[Date Prev][Date Next][Thread Prev][Thread Next][Date Index][Thread Index]
Re: [HTCondor-users] Error from SCHEDD on Windows 10
- Date: Mon, 29 Jul 2019 16:33:56 -0700
- From: Andrew Cunningham <condor@xxxxxxxxxxxxxxxx>
- Subject: Re: [HTCondor-users] Error from SCHEDD on Windows 10
Just a to follow-up on that, if I have USE POLICY : DESKTOP in the
condor_config, is the simplest way to cause all jobs that would have
been suspended to go straight to vacate/kill would be to put
WANT_SUSPEND=FALSE in the condor_config.local file?
On Mon, Jul 29, 2019 at 4:16 PM Andrew Cunningham
> Hi John,
> Sadly, I restarted condor on the machine in question so I can't go
> back and check the state of the process. But it was 'running' and
> using 0% CPU, so for appeared to be in the suspended state.
> It's not a problem for me if the jobs just gets killed/evicted and
> rescheduled. I have been using the
> USE POLICY : DESKTOP
> which obviously is not implementing that "POLICY" you are suggesting.
> On Mon, Jul 29, 2019 at 2:49 PM John M Knoeller <johnkn@xxxxxxxxxxx> wrote:
> > Is the child process actually in stuck in suspended state? The sysinternals process explorer can show you if it is
> > We mostly discourage the use of SUSPEND in HTCondor these days because if the process does get around
> > to vacating, that generates a bunch of new activity and that tends to annoy users. It's better to just kill the
> > job right away when we detect user activity. Would that work for you?
> > -tj
> > -----Original Message-----
> > From: Andrew Cunningham <condor@xxxxxxxxxxxxxxxx>
> > Sent: Monday, July 29, 2019 4:38 PM
> > To: John M Knoeller <johnkn@xxxxxxxxxxx>
> > Cc: Condor-Users Mail List <condor-users@xxxxxxxxxxx>
> > Subject: Re: [HTCondor-users] Error from SCHEDD on Windows 10
> > Hi John,
> > Thanks for the input. I have a fast disk and nothing much was
> > happening on the machine at the time.

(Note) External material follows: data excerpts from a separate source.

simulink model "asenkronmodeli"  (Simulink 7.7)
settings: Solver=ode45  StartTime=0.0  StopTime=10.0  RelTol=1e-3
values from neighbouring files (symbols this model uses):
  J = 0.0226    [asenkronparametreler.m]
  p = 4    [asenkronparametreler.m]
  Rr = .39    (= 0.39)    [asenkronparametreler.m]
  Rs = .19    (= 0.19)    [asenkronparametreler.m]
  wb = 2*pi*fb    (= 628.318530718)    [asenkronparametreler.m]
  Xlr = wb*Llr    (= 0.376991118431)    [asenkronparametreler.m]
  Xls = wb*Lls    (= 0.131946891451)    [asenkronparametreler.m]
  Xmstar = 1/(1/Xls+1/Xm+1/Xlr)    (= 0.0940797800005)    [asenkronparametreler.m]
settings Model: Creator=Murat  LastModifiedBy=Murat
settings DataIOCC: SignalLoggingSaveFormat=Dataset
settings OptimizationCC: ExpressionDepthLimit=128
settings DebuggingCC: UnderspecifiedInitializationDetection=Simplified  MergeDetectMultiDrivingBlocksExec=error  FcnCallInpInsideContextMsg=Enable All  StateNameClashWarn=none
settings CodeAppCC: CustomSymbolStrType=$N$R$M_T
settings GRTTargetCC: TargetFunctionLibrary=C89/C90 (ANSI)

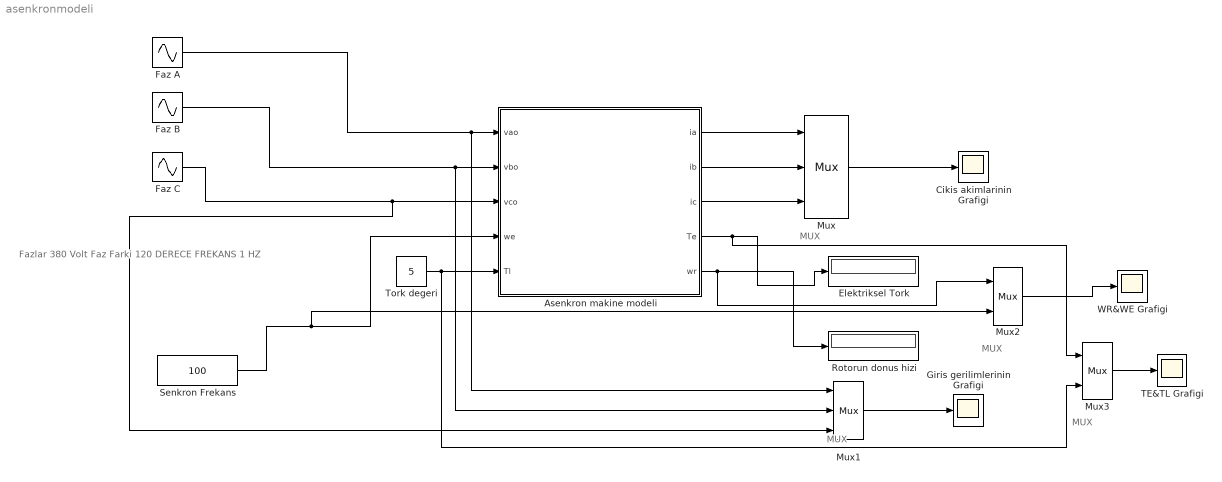
== system asenkronmodeli ==
  note: MUX
  note: MUX
  note: MUX
  note: MUX
  note: Fazlar 380 Volt
      | Faz Farki 120 DERECE
      | FREKANS 1 HZ
  Asenkron makine modeli : Subsystem
  Cikis akimlarinin Grafigi : Scope
      settings: SaveName=ScopeData3
  Elektriksel Tork : Display
  Faz A : Sin  Amplitude=380  SampleTime=0
  Faz B : Sin  Amplitude=380  Phase=(2*pi)/3  SampleTime=0
  Faz C : Sin  Amplitude=380  Phase=(4*pi)/3  SampleTime=0
  Giris gerilimlerinin Grafigi : Scope
      settings: SaveName=ScopeData4
  Mux : Mux  Inputs=3
  Mux1 : Mux  Inputs=3
  Mux2 : Mux  Inputs=2
  Mux3 : Mux  Inputs=2
  Rotorun donus hizi : Display
  Senkron Frekans : Constant  Value=100
  TE&TL Grafigi : Scope
      settings: SaveName=ScopeData5
  Tork degeri : Constant  Value=5
  WR&WE Grafigi : Scope
      settings: SaveName=ScopeData6
  wires:
  Asenkron makine modeli/1(ia) -> Mux/1
  Asenkron makine modeli/2(ib) -> Mux/2
  Asenkron makine modeli/3(ic) -> Mux/3
  Mux/1 -> Cikis akimlarinin Grafigi/1
  Asenkron makine modeli/5(wr) -> Mux2/1, Rotorun donus hizi/1
  Asenkron makine modeli/4(Te) -> Mux3/1, Elektriksel Tork/1
  Mux1/1 -> Giris gerilimlerinin Grafigi/1
  Tork degeri/1 -> Mux3/2, Asenkron makine modeli/5(Tl)
  Senkron Frekans/1 -> Mux2/2, Asenkron makine modeli/4(we)
  Faz A/1 -> Mux1/1, Asenkron makine modeli/1(vao)
  Faz B/1 -> Mux1/2, Asenkron makine modeli/2(vbo)
  Faz C/1 -> Mux1/3, Asenkron makine modeli/3(vco)
  Mux2/1 -> WR&WE Grafigi/1
  Mux3/1 -> TE&TL Grafigi/1

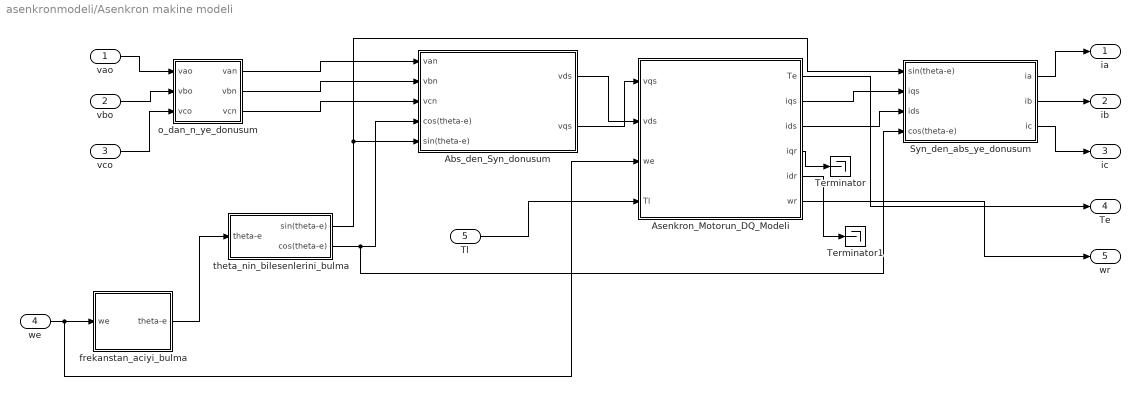
== system asenkronmodeli/Asenkron makine modeli ==
  vao : Inport
  vbo : Inport  Port=2
  vco : Inport  Port=3
  we : Inport  Port=4
  Tl : Inport  Port=5
  Abs_den_Syn_donusum : Subsystem
  Asenkron_Motorun_DQ_Modeli : Subsystem
  Syn_den_abs_ye_donusum : Subsystem
  Terminator : Terminator
  Terminator1 : Terminator
  frekanstan_aciyi_bulma : Subsystem
  o_dan_n_ye_donusum : Subsystem
  theta_nin_bilesenlerini_bulma : Subsystem
  ia : Outport
  ib : Outport  Port=2
  ic : Outport  Port=3
  Te : Outport  Port=4
  wr : Outport  Port=5
  wires:
  vbo/1 -> o_dan_n_ye_donusum/2(vbo)
  vao/1 -> o_dan_n_ye_donusum/1(vao)
  vco/1 -> o_dan_n_ye_donusum/3(vco)
  we/1 -> Asenkron_Motorun_DQ_Modeli/3(we), frekanstan_aciyi_bulma/1(we)
  frekanstan_aciyi_bulma/1(theta-e) -> theta_nin_bilesenlerini_bulma/1(theta-e)
  Asenkron_Motorun_DQ_Modeli/3(ids) -> Syn_den_abs_ye_donusum/3(ids)
  Syn_den_abs_ye_donusum/1(ia) -> ia/1
  Asenkron_Motorun_DQ_Modeli/4(iqr) -> Terminator/1
  Asenkron_Motorun_DQ_Modeli/5(idr) -> Terminator1/1
  Syn_den_abs_ye_donusum/3(ic) -> ic/1
  o_dan_n_ye_donusum/3(vcn) -> Abs_den_Syn_donusum/3(vcn)
  Asenkron_Motorun_DQ_Modeli/2(iqs) -> Syn_den_abs_ye_donusum/2(iqs)
  Abs_den_Syn_donusum/1(vds) -> Asenkron_Motorun_DQ_Modeli/2(vds)
  Abs_den_Syn_donusum/2(vqs) -> Asenkron_Motorun_DQ_Modeli/1(vqs)
  Syn_den_abs_ye_donusum/2(ib) -> ib/1
  Tl/1 -> Asenkron_Motorun_DQ_Modeli/4(Tl)
  o_dan_n_ye_donusum/2(vbn) -> Abs_den_Syn_donusum/2(vbn)
  o_dan_n_ye_donusum/1(van) -> Abs_den_Syn_donusum/1(van)
  Asenkron_Motorun_DQ_Modeli/1(Te) -> Te/1
  Asenkron_Motorun_DQ_Modeli/6(wr) -> wr/1
  theta_nin_bilesenlerini_bulma/2("cos(theta-e)   ") -> Syn_den_abs_ye_donusum/4("cos(theta-e) "), Abs_den_Syn_donusum/4("cos(theta-e) ")
  theta_nin_bilesenlerini_bulma/1("sin(theta-e)  ") -> Syn_den_abs_ye_donusum/1("sin(theta-e)  "), Abs_den_Syn_donusum/5(sin(theta-e))

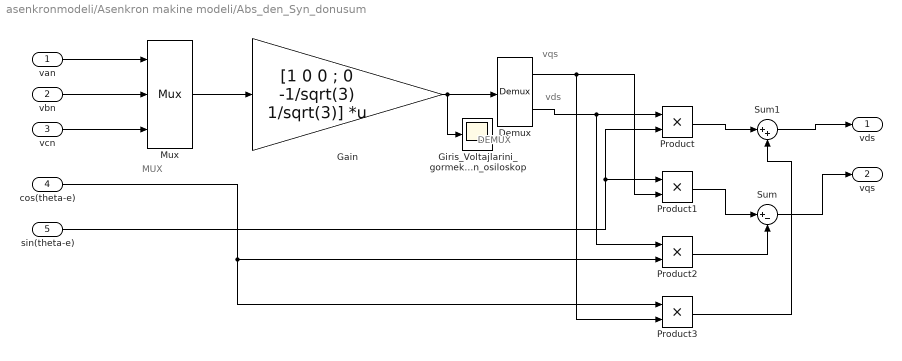
== system asenkronmodeli/Asenkron makine modeli/Abs_den_Syn_donusum ==
  note: vds
  note: vqs
  note: DEMUX
  note: MUX
  van : Inport
  vbn : Inport  Port=2
  vcn : Inport  Port=3
  "cos(theta-e) " : Inport  Port=4
  sin(theta-e) : Inport  Port=5
  Demux : Demux  Outputs=2
  Gain : Gain  Gain="[1 0 0 ; 0 -1/sqrt(3)  1/sqrt(3)]"  Multiplication=Matrix(K*u)  SaturateOnIntegerOverflow=on
  Giris_Voltajlarini_gormek_icin_osiloskop : Scope
  Mux : Mux  Inputs=3
  Product{,1..3} (4 alike) : Product
  Sum : Sum  Inputs=|+-
  Sum1 : Sum  Inputs=|++
  vds : Outport
  vqs : Outport  Port=2
  wires:
  van/1 -> Mux/1
  vbn/1 -> Mux/2
  vcn/1 -> Mux/3
  Mux/1 -> Gain/1
  Gain/1 -> Demux/1, Giris_Voltajlarini_gormek_icin_osiloskop/1
  sin(theta-e)/1 -> Product/2, Product1/1
  "cos(theta-e) "/1 -> Product3/1, Product2/2
  Demux/1 -> Product3/2, Product1/2
  Demux/2 -> Product2/1, Product/1
  Product2/1 -> Sum/2
  Product1/1 -> Sum/1
  Product/1 -> Sum1/1
  Product3/1 -> Sum1/2
  Sum1/1 -> vds/1
  Sum/1 -> vqs/1

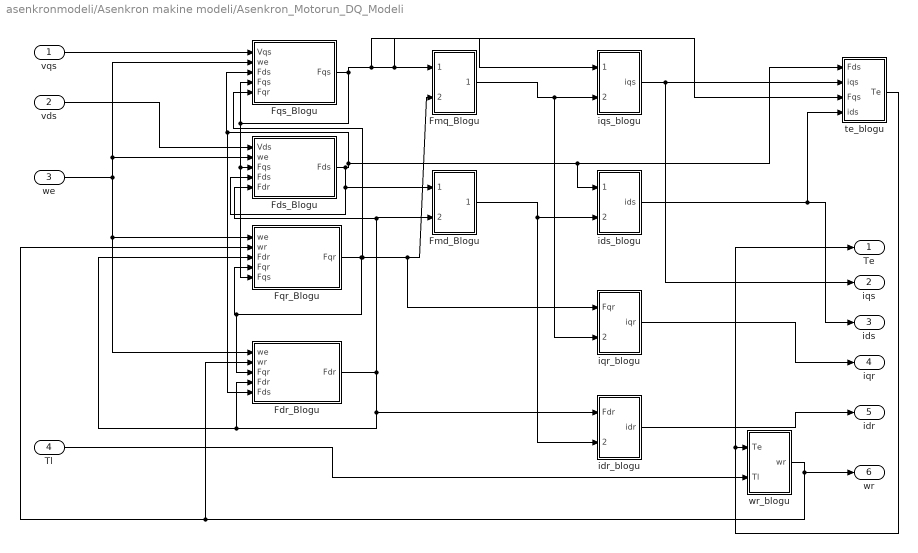
== system asenkronmodeli/Asenkron makine modeli/Asenkron_Motorun_DQ_Modeli ==
  vqs : Inport
  vds : Inport  Port=2
  we : Inport  Port=3
  Tl : Inport  Port=4
  Fdr_Blogu : Subsystem
  Fds_Blogu : Subsystem
  Fmd_Blogu : Subsystem
  Fmq_Blogu : Subsystem
  Fqr_Blogu : Subsystem
  Fqs_Blogu : Subsystem
  idr_blogu : Subsystem
  ids_blogu : Subsystem
  iqr_blogu : Subsystem
  iqs_blogu : Subsystem
  te_blogu : Subsystem
  wr_blogu : Subsystem
  Te : Outport
  iqs : Outport  Port=2
  ids : Outport  Port=3
  iqr : Outport  Port=4
  idr : Outport  Port=5
  wr : Outport  Port=6
  wires:
  vqs/1 -> Fqs_Blogu/1(Vqs)
  vds/1 -> Fds_Blogu/1("Vds ")
  we/1 -> Fds_Blogu/2(we), Fqs_Blogu/2(we), Fdr_Blogu/1("we "), Fqr_Blogu/1("we ")
  Tl/1 -> wr_blogu/2(Tl)
  Fqs_Blogu/1("Fqs   ") -> Fqr_Blogu/5(Fqs), Fds_Blogu/3("Fqs  "), Fqs_Blogu/4(Fqs), te_blogu/3("Fqs  "), iqs_blogu/1(Fqs), Fmq_Blogu/1("Fqs  ")
  Fds_Blogu/1("Fds   ") -> Fmd_Blogu/1("Fds  "), Fds_Blogu/4(Fds), te_blogu/1("Fds   "), ids_blogu/1("Fds  "), Fdr_Blogu/5(Fds), Fqs_Blogu/3(Fds)
  Fqr_Blogu/1("Fqr  ") -> iqr_blogu/1("Fqr  "), Fmq_Blogu/2("Fqr  "), Fqs_Blogu/5(Fqr), Fdr_Blogu/3("Fqr   "), Fqr_Blogu/4(Fqr)
  Fdr_Blogu/1("Fdr  ") -> idr_blogu/1("Fdr  "), Fqr_Blogu/3("Fdr  "), Fdr_Blogu/4(Fdr), Fmd_Blogu/2("Fdr  "), Fds_Blogu/5(Fdr)
  wr_blogu/1(wr) -> wr/1, Fdr_Blogu/2(wr), Fqr_Blogu/2(wr)
  Fmq_Blogu/1(Fmq) -> iqr_blogu/2("Fmq "), iqs_blogu/2(Fmq)
  Fmd_Blogu/1(Fmd) -> idr_blogu/2("Fmd "), ids_blogu/2("Fmd ")
  iqs_blogu/1(iqs) -> iqs/1, te_blogu/2(iqs)
  ids_blogu/1(ids) -> ids/1, te_blogu/4("ids ")
  te_blogu/1(Te) -> Te/1, wr_blogu/1(Te)
  idr_blogu/1(idr) -> idr/1
  iqr_blogu/1(iqr) -> iqr/1

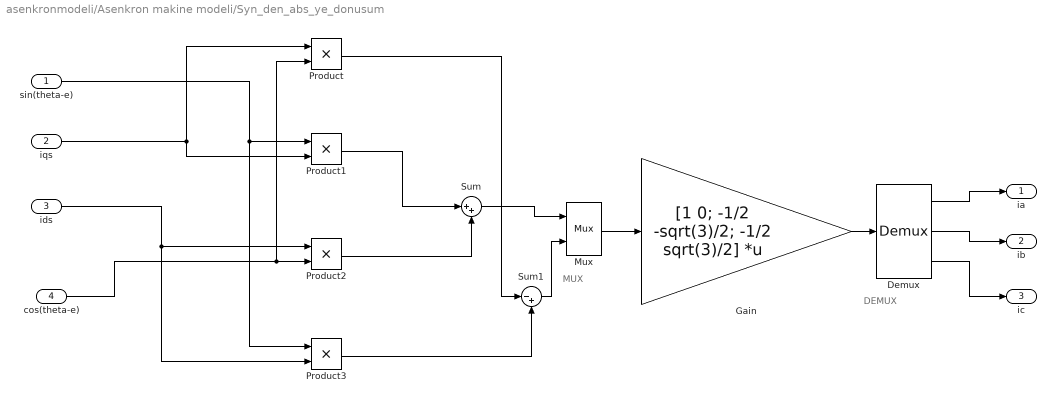
== system asenkronmodeli/Asenkron makine modeli/Syn_den_abs_ye_donusum ==
  note: DEMUX
  note: MUX
  "sin(theta-e)  " : Inport
  iqs : Inport  Port=2
  ids : Inport  Port=3
  "cos(theta-e) " : Inport  Port=4
  Demux : Demux  Outputs=3
  Gain : Gain  Gain="[1 0; -1/2 -sqrt(3)/2;  -1/2 sqrt(3)/2]"  Multiplication=Matrix(K*u)  SaturateOnIntegerOverflow=on
  Mux : Mux  Inputs=2
  Product{,1..3} (4 alike) : Product
  Sum : Sum  Inputs=|++
  Sum1 : Sum  Inputs=|-+
  ia : Outport
  ib : Outport  Port=2
  ic : Outport  Port=3
  wires:
  iqs/1 -> Product1/2, Product/1
  "sin(theta-e)  "/1 -> Product3/1, Product1/1
  ids/1 -> Product2/1, Product3/2
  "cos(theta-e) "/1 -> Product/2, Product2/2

> > Regarding the so called zombie processes. I managed to get to one of
> > the machines and the problem seems to be happening in the following
> > situation
> > - The main executable of the job launches a sub-process to perform a
> > task ( vanilla universe)
> > - The job is suspended due to user activity on the machine. This would
> > require suspending the main process and the sub-process
> > - The job was continued ( according to the StarterLog)
> > - However it appears that the sub-process did not "continue". So at
> > this point Condor sees the job in the running state, but it will never
> > finish as the main process is just waiting on the sub-process to
> > complete.
> > Obviously condor has to keep track of sub-processes so it can "continue" them.
> > On Mon, Jul 29, 2019 at 2:01 PM John M Knoeller <johnkn@xxxxxxxxxxx> wrote:
> > >
> > > Given that you have at most 200 jobs running at a time, I would not expect that the lock used for the ShadowLog to result in long term starvation
> > > of a Shadow, but that seems to be what is happening.
> > > The drive your log files are being written to might be in the process failing, or perhaps you have some other process that is keeping the disk very busy?
> > >
> > > You could try moving your log directory to an SSD to speed things up.
> > >
> > > -tj
> > >
> > > -----Original Message-----
> > > From: Andrew Cunningham <condor@xxxxxxxxxxxxxxxx>
> > > Sent: Monday, July 29, 2019 3:55 PM
> > > To: Condor-Users Mail List <condor-users@xxxxxxxxxxx>
> > > Cc: John M Knoeller <johnkn@xxxxxxxxxxx>
> > > Subject: Re: [HTCondor-users] Error from SCHEDD on Windows 10
> > >
> > > "The message about "waiting for a lock" is indeed a problem. What
> > > do you have SHADOW_DEBUG and/or ALL_DEBUG set to ?
> > >
> > > is 153.79 one of the zombie jobs? or is that a message about a job
> > > that is/was actually running?"
> > >
> > > All options for CONDOR are at the default. No special DEBUG options
> > > on. And yes, the zombie jobs included 153.79.